What to produce –
Look for the word "blocks" in the entries and copy each line where it appears.

━━ The records

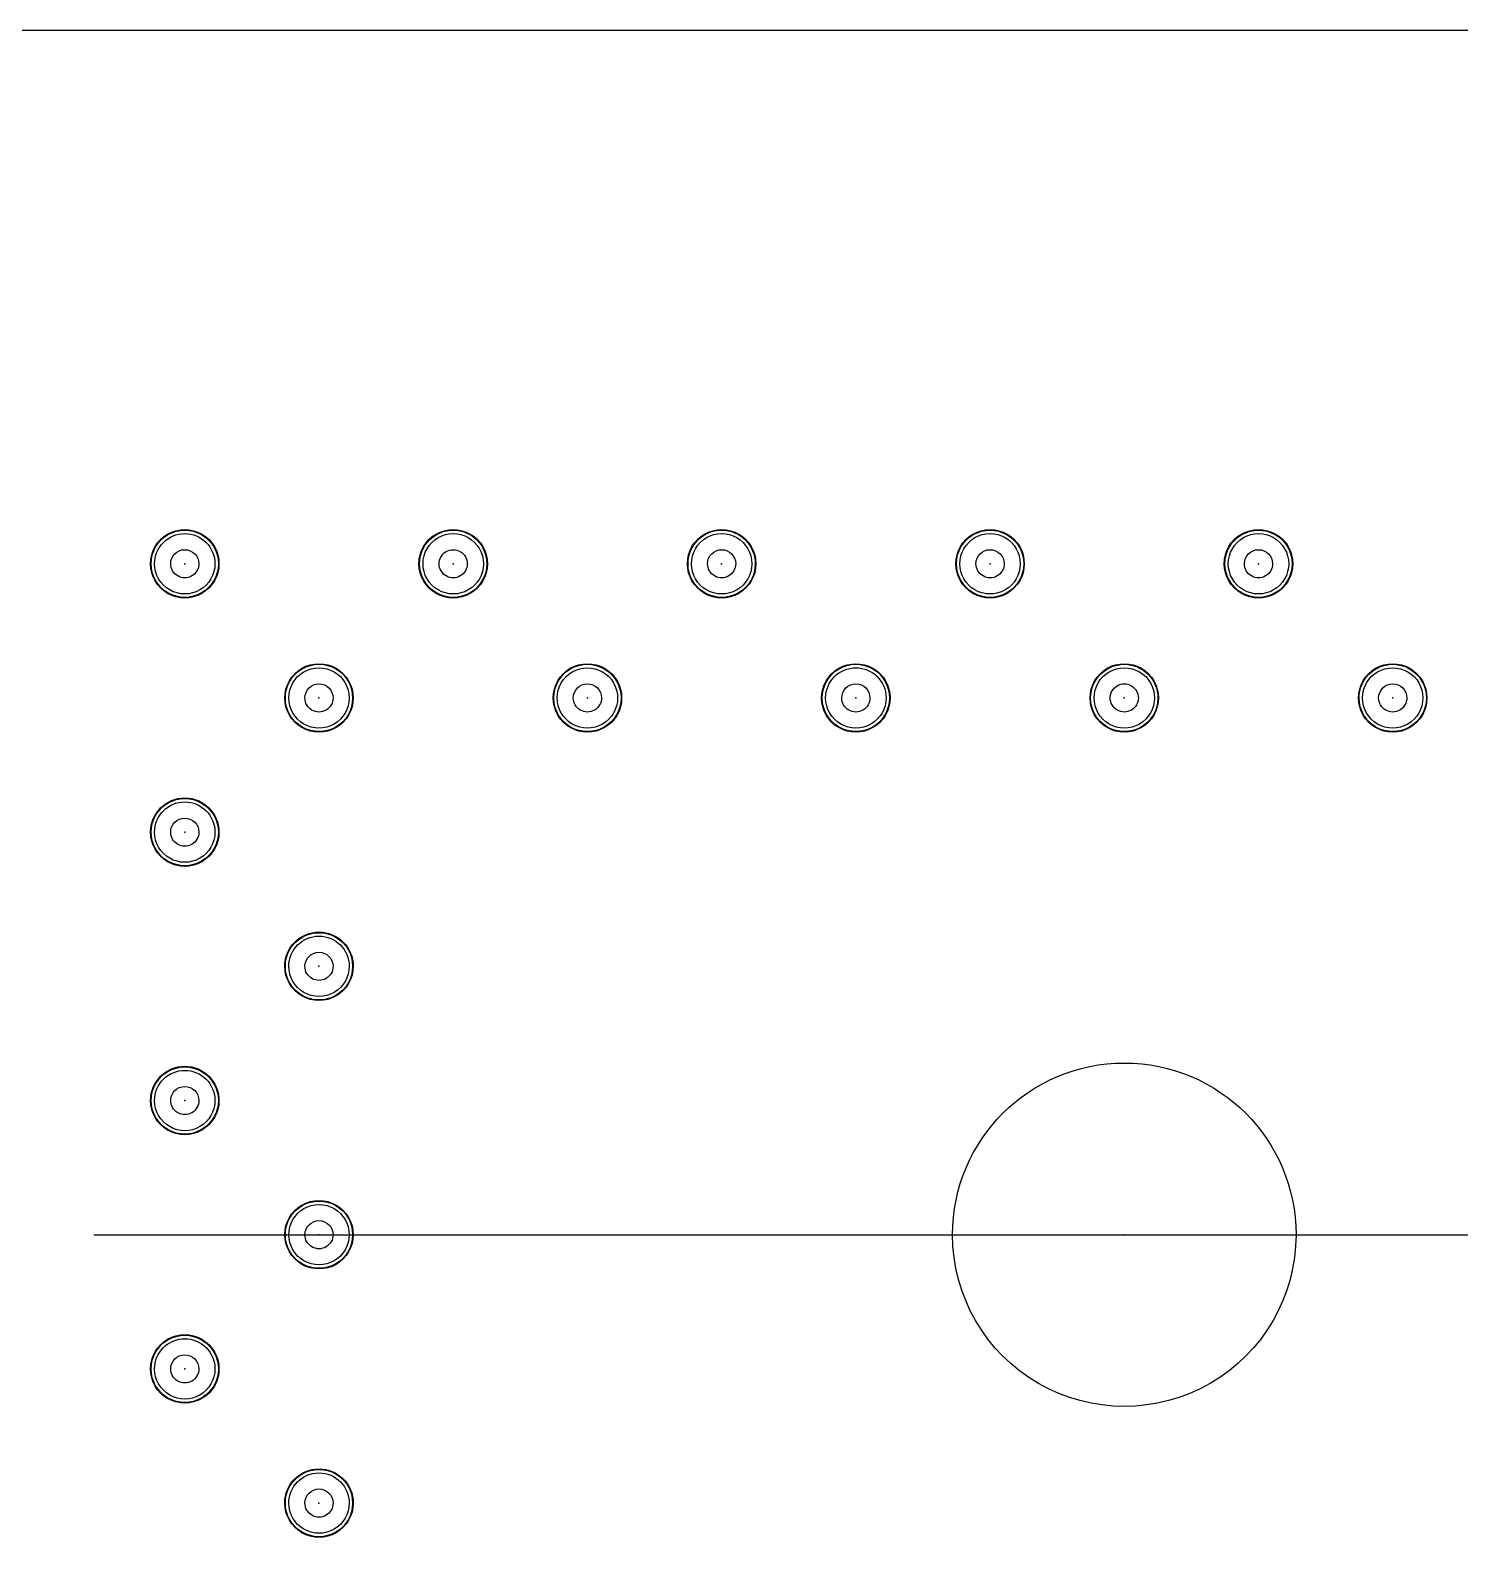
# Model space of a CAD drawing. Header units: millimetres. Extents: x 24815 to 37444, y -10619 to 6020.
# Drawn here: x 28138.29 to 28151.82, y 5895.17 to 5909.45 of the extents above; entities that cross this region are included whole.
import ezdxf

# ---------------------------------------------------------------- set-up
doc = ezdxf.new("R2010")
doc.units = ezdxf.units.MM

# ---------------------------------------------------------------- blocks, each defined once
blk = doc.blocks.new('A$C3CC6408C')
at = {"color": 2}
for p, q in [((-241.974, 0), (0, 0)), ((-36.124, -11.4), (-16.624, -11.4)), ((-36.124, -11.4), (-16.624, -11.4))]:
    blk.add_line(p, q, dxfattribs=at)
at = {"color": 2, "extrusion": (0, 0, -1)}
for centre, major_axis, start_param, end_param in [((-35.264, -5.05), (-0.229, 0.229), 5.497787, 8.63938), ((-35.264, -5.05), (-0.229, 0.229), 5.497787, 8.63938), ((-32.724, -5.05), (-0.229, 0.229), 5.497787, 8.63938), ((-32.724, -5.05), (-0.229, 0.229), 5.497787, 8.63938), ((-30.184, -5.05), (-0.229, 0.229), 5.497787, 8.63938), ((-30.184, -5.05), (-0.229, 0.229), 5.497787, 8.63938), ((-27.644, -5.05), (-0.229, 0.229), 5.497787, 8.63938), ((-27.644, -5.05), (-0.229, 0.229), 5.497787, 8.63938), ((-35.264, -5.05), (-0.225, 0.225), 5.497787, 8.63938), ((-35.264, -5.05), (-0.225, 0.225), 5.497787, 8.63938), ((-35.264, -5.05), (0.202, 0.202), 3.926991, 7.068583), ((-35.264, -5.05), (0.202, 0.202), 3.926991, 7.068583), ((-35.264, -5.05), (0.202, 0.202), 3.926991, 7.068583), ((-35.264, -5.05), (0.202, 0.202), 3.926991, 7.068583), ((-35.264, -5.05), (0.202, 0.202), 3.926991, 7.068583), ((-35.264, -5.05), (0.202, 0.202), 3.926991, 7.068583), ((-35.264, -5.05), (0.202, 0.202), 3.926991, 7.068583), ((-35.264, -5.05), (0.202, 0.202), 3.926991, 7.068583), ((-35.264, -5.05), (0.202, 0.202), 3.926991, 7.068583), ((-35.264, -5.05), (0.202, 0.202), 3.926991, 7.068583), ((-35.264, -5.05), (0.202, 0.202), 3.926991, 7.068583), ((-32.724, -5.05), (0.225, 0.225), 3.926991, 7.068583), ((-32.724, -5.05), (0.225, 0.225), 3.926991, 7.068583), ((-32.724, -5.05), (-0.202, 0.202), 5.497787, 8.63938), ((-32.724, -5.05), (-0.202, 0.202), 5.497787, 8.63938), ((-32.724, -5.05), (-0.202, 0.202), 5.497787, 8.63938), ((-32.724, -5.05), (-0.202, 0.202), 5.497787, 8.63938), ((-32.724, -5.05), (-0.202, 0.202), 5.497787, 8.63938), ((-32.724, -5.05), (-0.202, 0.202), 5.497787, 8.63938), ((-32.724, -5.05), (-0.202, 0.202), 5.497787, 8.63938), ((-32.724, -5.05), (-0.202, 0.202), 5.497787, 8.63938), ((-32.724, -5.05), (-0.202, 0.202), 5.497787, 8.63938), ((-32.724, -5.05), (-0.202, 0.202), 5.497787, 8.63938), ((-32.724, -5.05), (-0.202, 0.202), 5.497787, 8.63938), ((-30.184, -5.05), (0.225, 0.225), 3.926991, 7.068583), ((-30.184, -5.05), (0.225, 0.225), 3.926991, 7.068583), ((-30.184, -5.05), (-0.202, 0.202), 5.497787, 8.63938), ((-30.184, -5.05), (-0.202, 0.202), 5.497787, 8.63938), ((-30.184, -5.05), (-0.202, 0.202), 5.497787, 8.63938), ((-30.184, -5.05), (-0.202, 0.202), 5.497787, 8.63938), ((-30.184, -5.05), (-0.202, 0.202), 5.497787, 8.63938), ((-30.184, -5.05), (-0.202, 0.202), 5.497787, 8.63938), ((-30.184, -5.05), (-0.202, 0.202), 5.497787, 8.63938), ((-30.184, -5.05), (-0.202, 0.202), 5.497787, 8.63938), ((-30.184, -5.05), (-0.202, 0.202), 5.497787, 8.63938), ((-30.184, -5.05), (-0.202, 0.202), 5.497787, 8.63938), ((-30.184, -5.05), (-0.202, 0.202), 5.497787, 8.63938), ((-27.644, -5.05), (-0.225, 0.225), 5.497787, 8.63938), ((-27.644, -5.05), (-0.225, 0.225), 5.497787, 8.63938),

━━━━

Reply –
# ---------------------------------------------------------------- blocks, each defined once
blk = doc.blocks.new('A$C3CC6408C')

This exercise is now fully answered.